The BioMolViz Framework is a guide for biomolecular visualization (BMV) instruction. Designed and amended by teams of biochemistry and molecular biology instructors, the Framework divides visual literacy into 12 Overarching Themes. Each theme is subdivided into several broad learning goals, which are further partitioned into a series of specific learning objectives. The objectives describe discrete tasks for the BMV learner to accomplish. By considering the Overarching Theme, learning goals, and objectives, instructors can create BMV assessments using backward design, considering their course aims in the design process. Likewise, the BMV learner can utilize the Framework to guide their own learning by exploring the BMV topics and skills instructors consider key for development of visual literacy.
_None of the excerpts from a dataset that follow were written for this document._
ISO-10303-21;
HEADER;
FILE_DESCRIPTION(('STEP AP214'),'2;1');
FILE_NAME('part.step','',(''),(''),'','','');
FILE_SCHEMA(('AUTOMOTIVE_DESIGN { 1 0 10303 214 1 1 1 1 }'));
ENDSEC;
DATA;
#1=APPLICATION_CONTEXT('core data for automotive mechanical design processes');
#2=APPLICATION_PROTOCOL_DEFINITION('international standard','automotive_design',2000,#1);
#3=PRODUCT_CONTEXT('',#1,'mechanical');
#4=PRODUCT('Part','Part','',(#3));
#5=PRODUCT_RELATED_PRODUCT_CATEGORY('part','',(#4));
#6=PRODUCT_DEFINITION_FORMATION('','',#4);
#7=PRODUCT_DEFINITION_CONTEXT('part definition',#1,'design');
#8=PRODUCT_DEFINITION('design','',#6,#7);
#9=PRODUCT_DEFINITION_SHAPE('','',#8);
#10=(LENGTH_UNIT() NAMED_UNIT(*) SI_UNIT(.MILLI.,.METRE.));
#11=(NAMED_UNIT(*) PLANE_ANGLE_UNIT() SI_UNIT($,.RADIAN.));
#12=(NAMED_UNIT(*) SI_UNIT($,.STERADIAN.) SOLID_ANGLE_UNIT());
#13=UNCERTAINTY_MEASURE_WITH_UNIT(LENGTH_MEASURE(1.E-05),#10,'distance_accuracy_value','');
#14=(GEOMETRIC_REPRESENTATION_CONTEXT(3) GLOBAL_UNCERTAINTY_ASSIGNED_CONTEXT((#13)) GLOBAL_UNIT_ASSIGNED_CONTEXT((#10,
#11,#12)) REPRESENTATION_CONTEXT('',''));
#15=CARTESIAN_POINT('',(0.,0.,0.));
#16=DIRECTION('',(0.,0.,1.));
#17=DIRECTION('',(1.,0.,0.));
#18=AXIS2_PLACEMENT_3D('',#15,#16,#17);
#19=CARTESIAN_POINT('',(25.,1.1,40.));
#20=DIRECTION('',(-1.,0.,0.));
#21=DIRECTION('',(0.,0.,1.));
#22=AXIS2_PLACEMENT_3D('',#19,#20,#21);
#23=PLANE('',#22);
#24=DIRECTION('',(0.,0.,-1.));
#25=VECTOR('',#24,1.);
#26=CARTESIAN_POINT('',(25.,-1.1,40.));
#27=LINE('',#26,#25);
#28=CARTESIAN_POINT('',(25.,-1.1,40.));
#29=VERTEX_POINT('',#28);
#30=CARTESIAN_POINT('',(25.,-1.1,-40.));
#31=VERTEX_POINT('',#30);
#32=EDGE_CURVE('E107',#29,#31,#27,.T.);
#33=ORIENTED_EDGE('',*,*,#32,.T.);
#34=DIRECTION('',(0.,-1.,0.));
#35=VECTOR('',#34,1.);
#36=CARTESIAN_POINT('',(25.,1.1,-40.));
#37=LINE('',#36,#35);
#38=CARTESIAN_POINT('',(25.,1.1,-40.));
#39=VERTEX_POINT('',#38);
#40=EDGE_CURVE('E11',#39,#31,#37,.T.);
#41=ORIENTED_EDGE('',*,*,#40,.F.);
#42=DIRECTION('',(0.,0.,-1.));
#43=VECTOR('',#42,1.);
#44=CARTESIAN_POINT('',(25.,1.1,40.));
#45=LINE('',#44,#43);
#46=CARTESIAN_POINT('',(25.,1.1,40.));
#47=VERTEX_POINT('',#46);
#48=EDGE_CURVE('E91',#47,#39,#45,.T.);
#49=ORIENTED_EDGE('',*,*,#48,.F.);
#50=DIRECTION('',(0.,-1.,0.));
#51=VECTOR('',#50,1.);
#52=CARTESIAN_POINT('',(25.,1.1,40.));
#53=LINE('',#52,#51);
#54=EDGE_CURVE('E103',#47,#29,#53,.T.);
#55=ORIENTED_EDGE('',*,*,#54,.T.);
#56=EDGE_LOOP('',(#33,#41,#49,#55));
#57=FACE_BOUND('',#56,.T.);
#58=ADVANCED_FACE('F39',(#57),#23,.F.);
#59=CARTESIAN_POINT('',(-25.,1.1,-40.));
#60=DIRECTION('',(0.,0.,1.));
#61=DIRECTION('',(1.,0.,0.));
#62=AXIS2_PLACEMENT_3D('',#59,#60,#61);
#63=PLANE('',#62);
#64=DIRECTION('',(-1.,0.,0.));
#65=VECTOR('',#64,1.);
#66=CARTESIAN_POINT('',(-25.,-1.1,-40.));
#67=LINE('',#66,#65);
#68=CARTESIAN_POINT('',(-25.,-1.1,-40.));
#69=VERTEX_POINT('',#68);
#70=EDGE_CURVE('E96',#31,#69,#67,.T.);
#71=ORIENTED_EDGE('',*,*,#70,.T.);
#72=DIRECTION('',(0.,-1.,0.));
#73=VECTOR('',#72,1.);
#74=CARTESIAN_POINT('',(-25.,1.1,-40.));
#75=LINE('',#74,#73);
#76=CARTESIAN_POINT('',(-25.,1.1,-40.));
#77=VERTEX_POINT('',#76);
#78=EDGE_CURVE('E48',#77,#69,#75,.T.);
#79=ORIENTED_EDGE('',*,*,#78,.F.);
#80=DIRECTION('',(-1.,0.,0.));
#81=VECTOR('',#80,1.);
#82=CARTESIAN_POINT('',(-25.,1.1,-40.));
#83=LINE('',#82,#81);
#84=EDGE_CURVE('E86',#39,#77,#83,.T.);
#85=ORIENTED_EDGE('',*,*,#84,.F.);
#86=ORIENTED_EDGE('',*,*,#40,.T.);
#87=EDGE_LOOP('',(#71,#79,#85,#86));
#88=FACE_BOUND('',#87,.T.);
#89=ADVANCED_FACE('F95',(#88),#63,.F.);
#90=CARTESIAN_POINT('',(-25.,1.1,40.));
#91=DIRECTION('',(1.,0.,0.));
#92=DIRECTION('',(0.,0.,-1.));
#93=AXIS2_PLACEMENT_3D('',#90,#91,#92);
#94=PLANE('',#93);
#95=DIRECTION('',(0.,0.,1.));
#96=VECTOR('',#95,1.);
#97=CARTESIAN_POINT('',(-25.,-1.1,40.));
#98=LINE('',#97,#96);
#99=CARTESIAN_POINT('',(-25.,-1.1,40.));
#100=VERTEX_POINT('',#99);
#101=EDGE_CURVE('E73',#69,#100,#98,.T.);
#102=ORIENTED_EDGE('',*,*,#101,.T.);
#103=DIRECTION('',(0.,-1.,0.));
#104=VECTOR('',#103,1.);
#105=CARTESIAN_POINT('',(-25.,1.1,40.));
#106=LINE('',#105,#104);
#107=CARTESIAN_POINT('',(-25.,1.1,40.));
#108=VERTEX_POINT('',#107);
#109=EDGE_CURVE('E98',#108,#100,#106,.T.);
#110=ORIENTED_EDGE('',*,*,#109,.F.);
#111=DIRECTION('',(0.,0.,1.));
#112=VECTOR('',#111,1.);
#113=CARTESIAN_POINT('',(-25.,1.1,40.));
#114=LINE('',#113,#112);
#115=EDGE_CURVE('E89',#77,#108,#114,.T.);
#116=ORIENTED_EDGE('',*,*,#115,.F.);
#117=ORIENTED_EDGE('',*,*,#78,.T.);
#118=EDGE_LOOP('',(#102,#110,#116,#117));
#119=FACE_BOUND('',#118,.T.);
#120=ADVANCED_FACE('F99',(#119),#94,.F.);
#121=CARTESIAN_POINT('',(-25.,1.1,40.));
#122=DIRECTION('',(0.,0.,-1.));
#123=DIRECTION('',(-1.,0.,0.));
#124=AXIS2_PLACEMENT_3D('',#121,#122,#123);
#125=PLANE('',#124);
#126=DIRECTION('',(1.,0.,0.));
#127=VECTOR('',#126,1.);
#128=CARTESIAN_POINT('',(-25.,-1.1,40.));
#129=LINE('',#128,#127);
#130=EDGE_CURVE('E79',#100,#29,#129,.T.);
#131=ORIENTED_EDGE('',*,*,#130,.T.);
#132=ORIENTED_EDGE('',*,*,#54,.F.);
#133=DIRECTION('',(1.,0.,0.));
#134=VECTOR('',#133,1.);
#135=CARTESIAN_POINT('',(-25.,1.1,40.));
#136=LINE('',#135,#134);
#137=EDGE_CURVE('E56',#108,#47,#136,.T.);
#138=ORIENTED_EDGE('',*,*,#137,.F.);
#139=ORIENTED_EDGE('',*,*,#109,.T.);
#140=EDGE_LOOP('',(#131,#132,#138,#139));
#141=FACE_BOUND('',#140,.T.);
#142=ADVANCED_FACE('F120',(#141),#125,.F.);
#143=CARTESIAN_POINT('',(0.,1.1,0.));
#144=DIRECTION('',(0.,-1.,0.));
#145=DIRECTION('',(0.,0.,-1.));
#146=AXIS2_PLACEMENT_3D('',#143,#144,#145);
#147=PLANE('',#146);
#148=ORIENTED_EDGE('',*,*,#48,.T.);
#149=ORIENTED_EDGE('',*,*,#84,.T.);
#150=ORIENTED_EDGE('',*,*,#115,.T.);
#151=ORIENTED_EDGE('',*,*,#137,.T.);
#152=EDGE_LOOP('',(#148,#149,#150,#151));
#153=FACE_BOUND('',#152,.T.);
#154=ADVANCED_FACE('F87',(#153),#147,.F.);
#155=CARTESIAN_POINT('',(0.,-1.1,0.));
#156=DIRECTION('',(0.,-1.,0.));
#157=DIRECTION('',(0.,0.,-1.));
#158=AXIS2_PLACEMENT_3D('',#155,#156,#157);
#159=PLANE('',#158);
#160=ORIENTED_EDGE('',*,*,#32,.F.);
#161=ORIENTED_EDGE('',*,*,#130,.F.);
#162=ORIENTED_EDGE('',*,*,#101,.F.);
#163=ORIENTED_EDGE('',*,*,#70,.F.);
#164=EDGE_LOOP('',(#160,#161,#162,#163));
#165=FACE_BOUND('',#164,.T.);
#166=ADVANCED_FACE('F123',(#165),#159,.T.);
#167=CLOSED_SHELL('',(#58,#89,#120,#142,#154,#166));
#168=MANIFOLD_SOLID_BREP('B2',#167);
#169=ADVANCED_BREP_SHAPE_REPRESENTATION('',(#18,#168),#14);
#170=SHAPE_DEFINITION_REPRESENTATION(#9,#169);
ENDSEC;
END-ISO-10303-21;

Rationale: Deliberate Visual Literacy InstructionRationale: Deliberate Visual Literacy Instruction

Biochemistry and molecular biology instructors frequently use images in their instruction, and some incorporate biomolecular visualization tools and software. However, the most common classroom use of BMV is exposure, not explicit instruction how to use the images (e.g. choosing a representation, manipulating a structure for presentation, or thinking about how that structure may be used in a biological context). As instructors guide students through the process of evaluating images and effectively creating them, they will need assessments to evaluate their instructional techniques.

The Framework provides a basis for the design of such assessments, and BioMolViz workshops facilitate team-driven crafting of these tools. The assessments that are in development will be validated by teams of experts, and made widely available for instructors to use.

Framework Overarching ThemesFramework Overarching Themes

The twelve overarching themes of the Framework are outlined below, and the associated learning goals and objectives, can be viewed on the BioMolViz website.

Atomic Geometry (AG) ‐ three‐atom and four‐atom dihedral/torsion angles, metal size and metal‐ligand geometries, steric clashes.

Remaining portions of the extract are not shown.